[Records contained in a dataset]
....

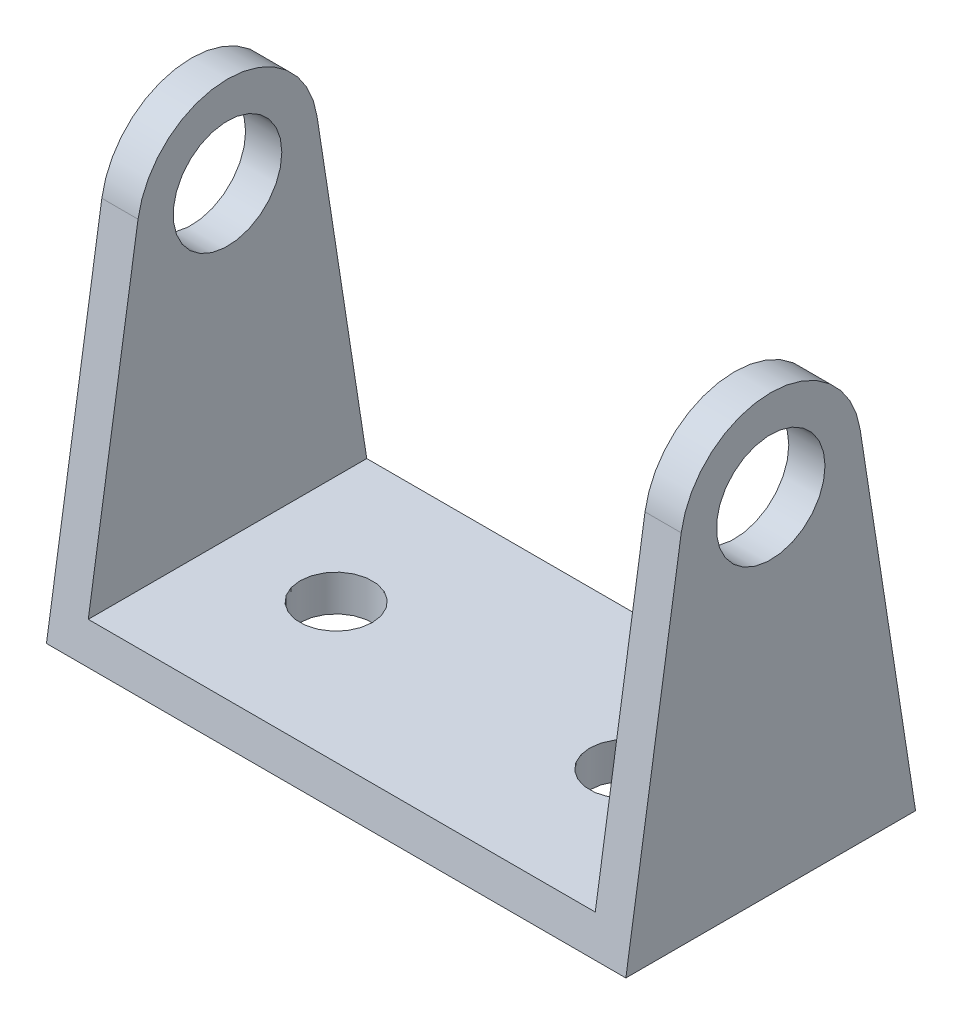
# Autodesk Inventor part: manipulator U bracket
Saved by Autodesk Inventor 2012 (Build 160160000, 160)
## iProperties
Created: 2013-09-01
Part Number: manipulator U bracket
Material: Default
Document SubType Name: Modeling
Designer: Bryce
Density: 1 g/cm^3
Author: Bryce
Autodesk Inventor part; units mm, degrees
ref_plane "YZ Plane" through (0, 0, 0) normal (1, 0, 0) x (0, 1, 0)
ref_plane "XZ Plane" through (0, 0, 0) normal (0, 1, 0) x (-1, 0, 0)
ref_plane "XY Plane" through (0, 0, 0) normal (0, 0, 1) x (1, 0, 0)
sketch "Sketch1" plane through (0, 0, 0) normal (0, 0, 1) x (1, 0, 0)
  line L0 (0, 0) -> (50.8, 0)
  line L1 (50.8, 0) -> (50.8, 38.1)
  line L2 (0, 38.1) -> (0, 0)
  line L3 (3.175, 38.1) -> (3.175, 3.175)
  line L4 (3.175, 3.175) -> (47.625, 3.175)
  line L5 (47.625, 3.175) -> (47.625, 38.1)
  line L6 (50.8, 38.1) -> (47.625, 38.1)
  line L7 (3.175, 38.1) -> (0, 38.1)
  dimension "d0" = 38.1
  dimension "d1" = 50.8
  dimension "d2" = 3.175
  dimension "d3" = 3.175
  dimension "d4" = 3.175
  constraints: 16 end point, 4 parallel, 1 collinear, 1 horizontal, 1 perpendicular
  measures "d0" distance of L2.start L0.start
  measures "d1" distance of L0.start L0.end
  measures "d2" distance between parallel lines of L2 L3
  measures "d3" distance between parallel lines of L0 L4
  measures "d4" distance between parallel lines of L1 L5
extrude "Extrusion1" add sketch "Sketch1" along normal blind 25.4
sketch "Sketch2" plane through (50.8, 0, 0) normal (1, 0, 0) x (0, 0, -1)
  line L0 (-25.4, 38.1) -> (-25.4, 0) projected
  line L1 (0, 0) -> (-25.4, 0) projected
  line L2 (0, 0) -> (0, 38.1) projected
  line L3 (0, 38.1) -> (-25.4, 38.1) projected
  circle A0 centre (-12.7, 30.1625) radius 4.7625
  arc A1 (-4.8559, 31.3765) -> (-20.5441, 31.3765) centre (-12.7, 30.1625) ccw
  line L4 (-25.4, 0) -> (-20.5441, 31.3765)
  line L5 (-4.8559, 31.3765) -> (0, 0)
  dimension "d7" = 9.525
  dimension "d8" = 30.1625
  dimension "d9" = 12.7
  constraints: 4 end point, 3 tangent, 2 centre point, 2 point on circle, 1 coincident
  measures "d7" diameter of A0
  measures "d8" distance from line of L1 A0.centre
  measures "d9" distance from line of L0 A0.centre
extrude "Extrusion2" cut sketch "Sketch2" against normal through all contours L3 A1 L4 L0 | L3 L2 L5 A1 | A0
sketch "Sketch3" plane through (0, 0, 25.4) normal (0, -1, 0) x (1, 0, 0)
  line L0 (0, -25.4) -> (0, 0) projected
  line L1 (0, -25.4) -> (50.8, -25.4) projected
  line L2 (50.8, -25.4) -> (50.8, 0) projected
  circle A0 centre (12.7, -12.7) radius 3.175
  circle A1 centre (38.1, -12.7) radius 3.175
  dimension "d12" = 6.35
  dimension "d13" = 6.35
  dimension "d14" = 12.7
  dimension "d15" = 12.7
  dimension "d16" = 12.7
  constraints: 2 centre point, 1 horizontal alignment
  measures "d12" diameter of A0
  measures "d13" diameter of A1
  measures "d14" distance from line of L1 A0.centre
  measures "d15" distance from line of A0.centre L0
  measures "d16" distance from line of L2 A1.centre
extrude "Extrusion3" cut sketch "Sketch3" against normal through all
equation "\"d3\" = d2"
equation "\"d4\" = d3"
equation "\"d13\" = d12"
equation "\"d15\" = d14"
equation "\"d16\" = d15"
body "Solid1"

....

> **WHAT YOU NEED TO DO**
Without the pictures, give all of the entries above again exactly.

> **THE ANSWER**
# Autodesk Inventor part: manipulator U bracket
Saved by Autodesk Inventor 2012 (Build 160160000, 160)
## iProperties
Created: 2013-09-01
Part Number: manipulator U bracket
Material: Default
Document SubType Name: Modeling
Designer: Bryce
Density: 1 g/cm^3
Author: Bryce
Autodesk Inventor part; units mm, degrees
ref_plane "YZ Plane" through (0, 0, 0) normal (1, 0, 0) x (0, 1, 0)
ref_plane "XZ Plane" through (0, 0, 0) normal (0, 1, 0) x (-1, 0, 0)
ref_plane "XY Plane" through (0, 0, 0) normal (0, 0, 1) x (1, 0, 0)
sketch "Sketch1" plane through (0, 0, 0) normal (0, 0, 1) x (1, 0, 0)
  line L0 (0, 0) -> (50.8, 0)
  line L1 (50.8, 0) -> (50.8, 38.1)
  line L2 (0, 38.1) -> (0, 0)
  line L3 (3.175, 38.1) -> (3.175, 3.175)
  line L4 (3.175, 3.175) -> (47.625, 3.175)
  line L5 (47.625, 3.175) -> (47.625, 38.1)
  line L6 (50.8, 38.1) -> (47.625, 38.1)
  line L7 (3.175, 38.1) -> (0, 38.1)
  dimension "d0" = 38.1
  dimension "d1" = 50.8
  dimension "d2" = 3.175
  dimension "d3" = 3.175
  dimension "d4" = 3.175
  constraints: 16 end point, 4 parallel, 1 collinear, 1 horizontal, 1 perpendicular
  measures "d0" distance of L2.start L0.start
  measures "d1" distance of L0.start L0.end
  measures "d2" distance between parallel lines of L2 L3
  measures "d3" distance between parallel lines of L0 L4
  measures "d4" distance between parallel lines of L1 L5
extrude "Extrusion1" add sketch "Sketch1" along normal blind 25.4
sketch "Sketch2" plane through (50.8, 0, 0) normal (1, 0, 0) x (0, 0, -1)
  line L0 (-25.4, 38.1) -> (-25.4, 0) projected
  line L1 (0, 0) -> (-25.4, 0) projected
  line L2 (0, 0) -> (0, 38.1) projected
  line L3 (0, 38.1) -> (-25.4, 38.1) projected
  circle A0 centre (-12.7, 30.1625) radius 4.7625
  arc A1 (-4.8559, 31.3765) -> (-20.5441, 31.3765) centre (-12.7, 30.1625) ccw
  line L4 (-25.4, 0) -> (-20.5441, 31.3765)
  line L5 (-4.8559, 31.3765) -> (0, 0)
  dimension "d7" = 9.525
  dimension "d8" = 30.1625
  dimension "d9" = 12.7
  constraints: 4 end point, 3 tangent, 2 centre point, 2 point on circle, 1 coincident
  measures "d7" diameter of A0
  measures "d8" distance from line of L1 A0.centre
  measures "d9" distance from line of L0 A0.centre
extrude "Extrusion2" cut sketch "Sketch2" against normal through all contours L3 A1 L4 L0 | L3 L2 L5 A1 | A0
sketch "Sketch3" plane through (0, 0, 25.4) normal (0, -1, 0) x (1, 0, 0)
  line L0 (0, -25.4) -> (0, 0) projected
  line L1 (0, -25.4) -> (50.8, -25.4) projected
  line L2 (50.8, -25.4) -> (50.8, 0) projected
  circle A0 centre (12.7, -12.7) radius 3.175
  circle A1 centre (38.1, -12.7) radius 3.175
  dimension "d12" = 6.35
  dimension "d13" = 6.35
  dimension "d14" = 12.7
  dimension "d15" = 12.7
  dimension "d16" = 12.7
  constraints: 2 centre point, 1 horizontal alignment
  measures "d12" diameter of A0
  measures "d13" diameter of A1
  measures "d14" distance from line of L1 A0.centre
  measures "d15" distance from line of A0.centre L0
  measures "d16" distance from line of L2 A1.centre
extrude "Extrusion3" cut sketch "Sketch3" against normal through all
equation "\"d3\" = d2"
equation "\"d4\" = d3"
equation "\"d13\" = d12"
equation "\"d15\" = d14"
equation "\"d16\" = d15"
body "Solid1"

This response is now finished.